Updated: June 22, 2018 5:10:07 pm
A young graduate from MS University in Baroda back then, artist Veer Munshi recalls how in the 1980s he would often sit with his easel in his Anantnag home to paint in the tranquil surroundings. He would have never have imagined being forced to flee from home, as he had to in 1990. Three years later, the home was burned down but its memories have influenced Munshi’s work since.
Over the last few months discussions regarding home have become even more frequent for him as Munshi has been interacting with Kashmiri artists based across the world to put together their work in the exhibition “Concurse”. Being held at the historic Silk Factory in Srinagar the showcase, curated by Munshi, brings together 60 Kashmiri artists from the valley and the diaspora.
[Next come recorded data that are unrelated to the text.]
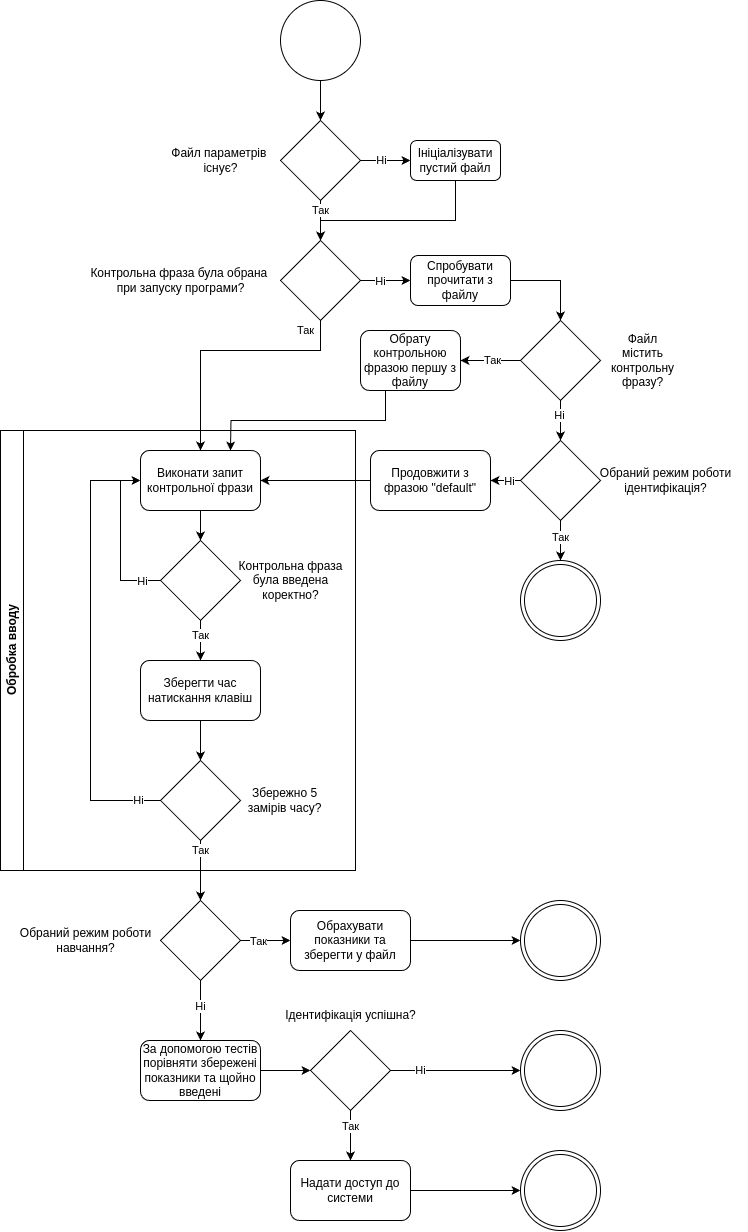

The diagram above was exported from draw.io. Its source (the exported page's mxGraphModel, read from the mxfile embedded in the PNG):
<mxGraphModel dx="1247" dy="652" grid="1" gridSize="10" guides="1" tooltips="1" connect="1" arrows="1" fold="1" page="1" pageScale="1" pageWidth="827" pageHeight="1169" math="0" shadow="0">
  <root>
    <mxCell id="0" />
    <mxCell id="1" parent="0" />
    <mxCell id="cyzlWMDkjJaY6KcwCpA6-12" style="edgeStyle=orthogonalEdgeStyle;rounded=0;orthogonalLoop=1;jettySize=auto;html=1;exitX=0.5;exitY=1;exitDx=0;exitDy=0;entryX=0.5;entryY=0;entryDx=0;entryDy=0;" edge="1" parent="1" source="cyzlWMDkjJaY6KcwCpA6-1" target="cyzlWMDkjJaY6KcwCpA6-2">
      <mxGeometry relative="1" as="geometry" />
    </mxCell>
    <mxCell id="cyzlWMDkjJaY6KcwCpA6-1" value="" style="ellipse;whiteSpace=wrap;html=1;aspect=fixed;" vertex="1" parent="1">
      <mxGeometry x="360" y="80" width="80" height="80" as="geometry" />
    </mxCell>
    <mxCell id="cyzlWMDkjJaY6KcwCpA6-13" style="edgeStyle=orthogonalEdgeStyle;rounded=0;orthogonalLoop=1;jettySize=auto;html=1;exitX=1;exitY=0.5;exitDx=0;exitDy=0;entryX=0;entryY=0.5;entryDx=0;entryDy=0;" edge="1" parent="1" source="cyzlWMDkjJaY6KcwCpA6-2" target="cyzlWMDkjJaY6KcwCpA6-4">
      <mxGeometry relative="1" as="geometry" />
    </mxCell>
    <mxCell id="cyzlWMDkjJaY6KcwCpA6-16" value="Ні" style="edgeLabel;html=1;align=center;verticalAlign=middle;resizable=0;points=[];" vertex="1" connectable="0" parent="cyzlWMDkjJaY6KcwCpA6-13">
      <mxGeometry x="-0.1" y="-4" relative="1" as="geometry">
        <mxPoint x="-2" y="-4" as="offset" />
      </mxGeometry>
    </mxCell>
    <mxCell id="cyzlWMDkjJaY6KcwCpA6-14" style="edgeStyle=orthogonalEdgeStyle;rounded=0;orthogonalLoop=1;jettySize=auto;html=1;exitX=0.5;exitY=1;exitDx=0;exitDy=0;" edge="1" parent="1" source="cyzlWMDkjJaY6KcwCpA6-2" target="cyzlWMDkjJaY6KcwCpA6-5">
      <mxGeometry relative="1" as="geometry" />
    </mxCell>
    <mxCell id="cyzlWMDkjJaY6KcwCpA6-18" value="Так" style="edgeLabel;html=1;align=center;verticalAlign=middle;resizable=0;points=[];" vertex="1" connectable="0" parent="cyzlWMDkjJaY6KcwCpA6-14">
      <mxGeometry x="-0.375" relative="1" as="geometry">
        <mxPoint y="-3" as="offset" />
      </mxGeometry>
    </mxCell>
    <mxCell id="cyzlWMDkjJaY6KcwCpA6-2" value="" style="rhombus;whiteSpace=wrap;html=1;" vertex="1" parent="1">
      <mxGeometry x="360" y="200" width="80" height="80" as="geometry" />
    </mxCell>
    <mxCell id="cyzlWMDkjJaY6KcwCpA6-3" value="Файл параметрів&amp;nbsp;&lt;br&gt;існує?" style="text;html=1;align=center;verticalAlign=middle;resizable=0;points=[];autosize=1;strokeColor=none;fillColor=none;" vertex="1" parent="1">
      <mxGeometry x="240" y="220" width="120" height="40" as="geometry" />
    </mxCell>
    <mxCell id="cyzlWMDkjJaY6KcwCpA6-15" style="edgeStyle=orthogonalEdgeStyle;rounded=0;orthogonalLoop=1;jettySize=auto;html=1;exitX=0.25;exitY=1;exitDx=0;exitDy=0;" edge="1" parent="1" source="cyzlWMDkjJaY6KcwCpA6-4" target="cyzlWMDkjJaY6KcwCpA6-5">
      <mxGeometry relative="1" as="geometry">
        <Array as="points">
          <mxPoint x="535" y="260" />
          <mxPoint x="535" y="300" />
          <mxPoint x="400" y="300" />
        </Array>
      </mxGeometry>
    </mxCell>
    <mxCell id="cyzlWMDkjJaY6KcwCpA6-4" value="Ініціалізувати пустий файл" style="rounded=1;whiteSpace=wrap;html=1;" vertex="1" parent="1">
      <mxGeometry x="490" y="220" width="90" height="40" as="geometry" />
    </mxCell>
    <mxCell id="cyzlWMDkjJaY6KcwCpA6-19" style="edgeStyle=orthogonalEdgeStyle;rounded=0;orthogonalLoop=1;jettySize=auto;html=1;exitX=1;exitY=0.5;exitDx=0;exitDy=0;entryX=0;entryY=0.5;entryDx=0;entryDy=0;" edge="1" parent="1" source="cyzlWMDkjJaY6KcwCpA6-5" target="cyzlWMDkjJaY6KcwCpA6-7">
      <mxGeometry relative="1" as="geometry" />
    </mxCell>
    <mxCell id="cyzlWMDkjJaY6KcwCpA6-20" value="Ні" style="edgeLabel;html=1;align=center;verticalAlign=middle;resizable=0;points=[];" vertex="1" connectable="0" parent="cyzlWMDkjJaY6KcwCpA6-19">
      <mxGeometry x="-0.2" y="-1" relative="1" as="geometry">
        <mxPoint as="offset" />
      </mxGeometry>
    </mxCell>
    <mxCell id="cyzlWMDkjJaY6KcwCpA6-23" style="edgeStyle=orthogonalEdgeStyle;rounded=0;orthogonalLoop=1;jettySize=auto;html=1;exitX=0.5;exitY=1;exitDx=0;exitDy=0;entryX=0.5;entryY=0;entryDx=0;entryDy=0;" edge="1" parent="1" source="cyzlWMDkjJaY6KcwCpA6-5">
      <mxGeometry relative="1" as="geometry">
        <mxPoint x="280" y="530" as="targetPoint" />
        <Array as="points">
          <mxPoint x="400" y="430" />
          <mxPoint x="280" y="430" />
        </Array>
      </mxGeometry>
    </mxCell>
    <mxCell id="cyzlWMDkjJaY6KcwCpA6-24" value="Так" style="edgeLabel;html=1;align=center;verticalAlign=middle;resizable=0;points=[];" vertex="1" connectable="0" parent="cyzlWMDkjJaY6KcwCpA6-23">
      <mxGeometry x="-0.4167" y="1" relative="1" as="geometry">
        <mxPoint x="28" y="-21" as="offset" />
      </mxGeometry>
    </mxCell>
    <mxCell id="cyzlWMDkjJaY6KcwCpA6-5" value="" style="rhombus;whiteSpace=wrap;html=1;" vertex="1" parent="1">
      <mxGeometry x="360" y="320" width="80" height="80" as="geometry" />
    </mxCell>
    <mxCell id="cyzlWMDkjJaY6KcwCpA6-6" value="Контрольна фраза була обрана&amp;nbsp;&lt;br&gt;при запуску програми?" style="text;html=1;align=center;verticalAlign=middle;resizable=0;points=[];autosize=1;strokeColor=none;fillColor=none;" vertex="1" parent="1">
      <mxGeometry x="160" y="340" width="200" height="40" as="geometry" />
    </mxCell>
    <mxCell id="cyzlWMDkjJaY6KcwCpA6-29" style="edgeStyle=orthogonalEdgeStyle;rounded=0;orthogonalLoop=1;jettySize=auto;html=1;exitX=1;exitY=0.5;exitDx=0;exitDy=0;entryX=0.5;entryY=0;entryDx=0;entryDy=0;" edge="1" parent="1" source="cyzlWMDkjJaY6KcwCpA6-7" target="cyzlWMDkjJaY6KcwCpA6-9">
      <mxGeometry relative="1" as="geometry" />
    </mxCell>
    <mxCell id="cyzlWMDkjJaY6KcwCpA6-7" value="Спробувати прочитати з файлу" style="rounded=1;whiteSpace=wrap;html=1;" vertex="1" parent="1">
      <mxGeometry x="490" y="335" width="100" height="50" as="geometry" />
    </mxCell>
    <mxCell id="cyzlWMDkjJaY6KcwCpA6-27" style="edgeStyle=orthogonalEdgeStyle;rounded=0;orthogonalLoop=1;jettySize=auto;html=1;exitX=0;exitY=0.5;exitDx=0;exitDy=0;entryX=1;entryY=0.5;entryDx=0;entryDy=0;" edge="1" parent="1" source="cyzlWMDkjJaY6KcwCpA6-9" target="cyzlWMDkjJaY6KcwCpA6-26">
      <mxGeometry relative="1" as="geometry" />
    </mxCell>
    <mxCell id="cyzlWMDkjJaY6KcwCpA6-28" value="Так" style="edgeLabel;html=1;align=center;verticalAlign=middle;resizable=0;points=[];" vertex="1" connectable="0" parent="cyzlWMDkjJaY6KcwCpA6-27">
      <mxGeometry x="-0.1988" y="2" relative="1" as="geometry">
        <mxPoint x="-4" y="-2" as="offset" />
      </mxGeometry>
    </mxCell>
    <mxCell id="cyzlWMDkjJaY6KcwCpA6-34" style="edgeStyle=orthogonalEdgeStyle;rounded=0;orthogonalLoop=1;jettySize=auto;html=1;exitX=0.5;exitY=1;exitDx=0;exitDy=0;" edge="1" parent="1" source="cyzlWMDkjJaY6KcwCpA6-9" target="cyzlWMDkjJaY6KcwCpA6-32">
      <mxGeometry relative="1" as="geometry" />
    </mxCell>
    <mxCell id="cyzlWMDkjJaY6KcwCpA6-35" value="Ні" style="edgeLabel;html=1;align=center;verticalAlign=middle;resizable=0;points=[];" vertex="1" connectable="0" parent="cyzlWMDkjJaY6KcwCpA6-34">
      <mxGeometry x="-0.2786" y="-1" relative="1" as="geometry">
        <mxPoint as="offset" />
      </mxGeometry>
    </mxCell>
    <mxCell id="cyzlWMDkjJaY6KcwCpA6-9" value="" style="rhombus;whiteSpace=wrap;html=1;" vertex="1" parent="1">
      <mxGeometry x="600" y="400" width="80" height="80" as="geometry" />
    </mxCell>
    <mxCell id="cyzlWMDkjJaY6KcwCpA6-11" value="&lt;span style=&quot;text-wrap: wrap;&quot;&gt;Файл містить контрольну фразу?&lt;/span&gt;" style="text;html=1;align=center;verticalAlign=middle;resizable=0;points=[];autosize=1;strokeColor=none;fillColor=none;" vertex="1" parent="1">
      <mxGeometry x="617" y="425" width="210" height="30" as="geometry" />
    </mxCell>
    <mxCell id="cyzlWMDkjJaY6KcwCpA6-50" style="edgeStyle=orthogonalEdgeStyle;rounded=0;orthogonalLoop=1;jettySize=auto;html=1;exitX=0.25;exitY=1;exitDx=0;exitDy=0;" edge="1" parent="1" source="cyzlWMDkjJaY6KcwCpA6-26">
      <mxGeometry relative="1" as="geometry">
        <mxPoint x="310" y="530" as="targetPoint" />
      </mxGeometry>
    </mxCell>
    <mxCell id="cyzlWMDkjJaY6KcwCpA6-26" value="Обрату контрольною фразою першу з файлу" style="rounded=1;whiteSpace=wrap;html=1;" vertex="1" parent="1">
      <mxGeometry x="440" y="410" width="100" height="60" as="geometry" />
    </mxCell>
    <mxCell id="cyzlWMDkjJaY6KcwCpA6-37" style="edgeStyle=orthogonalEdgeStyle;rounded=0;orthogonalLoop=1;jettySize=auto;html=1;exitX=0.5;exitY=1;exitDx=0;exitDy=0;entryX=0.5;entryY=0;entryDx=0;entryDy=0;" edge="1" parent="1" source="cyzlWMDkjJaY6KcwCpA6-32" target="cyzlWMDkjJaY6KcwCpA6-36">
      <mxGeometry relative="1" as="geometry">
        <Array as="points">
          <mxPoint x="640" y="620" />
          <mxPoint x="640" y="620" />
        </Array>
      </mxGeometry>
    </mxCell>
    <mxCell id="cyzlWMDkjJaY6KcwCpA6-38" value="Так" style="edgeLabel;html=1;align=center;verticalAlign=middle;resizable=0;points=[];" vertex="1" connectable="0" parent="cyzlWMDkjJaY6KcwCpA6-37">
      <mxGeometry x="-0.1643" relative="1" as="geometry">
        <mxPoint as="offset" />
      </mxGeometry>
    </mxCell>
    <mxCell id="cyzlWMDkjJaY6KcwCpA6-87" style="edgeStyle=orthogonalEdgeStyle;rounded=0;orthogonalLoop=1;jettySize=auto;html=1;exitX=0;exitY=0.5;exitDx=0;exitDy=0;entryX=1;entryY=0.5;entryDx=0;entryDy=0;" edge="1" parent="1" source="cyzlWMDkjJaY6KcwCpA6-32" target="cyzlWMDkjJaY6KcwCpA6-39">
      <mxGeometry relative="1" as="geometry" />
    </mxCell>
    <mxCell id="cyzlWMDkjJaY6KcwCpA6-88" value="Ні" style="edgeLabel;html=1;align=center;verticalAlign=middle;resizable=0;points=[];" vertex="1" connectable="0" parent="cyzlWMDkjJaY6KcwCpA6-87">
      <mxGeometry x="-0.2384" y="1" relative="1" as="geometry">
        <mxPoint as="offset" />
      </mxGeometry>
    </mxCell>
    <mxCell id="cyzlWMDkjJaY6KcwCpA6-32" value="" style="rhombus;whiteSpace=wrap;html=1;" vertex="1" parent="1">
      <mxGeometry x="600" y="520" width="80" height="80" as="geometry" />
    </mxCell>
    <mxCell id="cyzlWMDkjJaY6KcwCpA6-33" value="Обраний режим роботи &lt;br&gt;ідентифікація?" style="text;html=1;align=center;verticalAlign=middle;resizable=0;points=[];autosize=1;strokeColor=none;fillColor=none;" vertex="1" parent="1">
      <mxGeometry x="670" y="540" width="150" height="40" as="geometry" />
    </mxCell>
    <mxCell id="cyzlWMDkjJaY6KcwCpA6-36" value="" style="ellipse;shape=doubleEllipse;whiteSpace=wrap;html=1;aspect=fixed;" vertex="1" parent="1">
      <mxGeometry x="600" y="640" width="80" height="80" as="geometry" />
    </mxCell>
    <mxCell id="cyzlWMDkjJaY6KcwCpA6-42" style="edgeStyle=orthogonalEdgeStyle;rounded=0;orthogonalLoop=1;jettySize=auto;html=1;exitX=0;exitY=0.5;exitDx=0;exitDy=0;entryX=1;entryY=0.5;entryDx=0;entryDy=0;" edge="1" parent="1" source="cyzlWMDkjJaY6KcwCpA6-39">
      <mxGeometry relative="1" as="geometry">
        <mxPoint x="340" y="560" as="targetPoint" />
      </mxGeometry>
    </mxCell>
    <mxCell id="cyzlWMDkjJaY6KcwCpA6-39" value="Продовжити з фразою &quot;default&quot;" style="rounded=1;whiteSpace=wrap;html=1;" vertex="1" parent="1">
      <mxGeometry x="450" y="530" width="120" height="60" as="geometry" />
    </mxCell>
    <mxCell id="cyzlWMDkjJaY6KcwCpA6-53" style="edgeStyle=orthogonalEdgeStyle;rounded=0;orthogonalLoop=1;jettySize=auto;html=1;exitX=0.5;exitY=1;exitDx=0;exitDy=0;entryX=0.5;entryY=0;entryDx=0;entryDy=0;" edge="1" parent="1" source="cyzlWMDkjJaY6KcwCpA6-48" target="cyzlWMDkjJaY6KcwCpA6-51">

If artist Syed Mujtaba Rizvi paints the words “Memory”, “Homeland” and “Identity” against a white backdrop, in Munshi’s installation a wooden boat is suspended upside down with metal bars, and Khytul Abyad sketches a map of Srinagar with bottles of spring water from Anantnag placed before on a table. Found objects from the factory, primarily machine parts, form another installation by Munshi.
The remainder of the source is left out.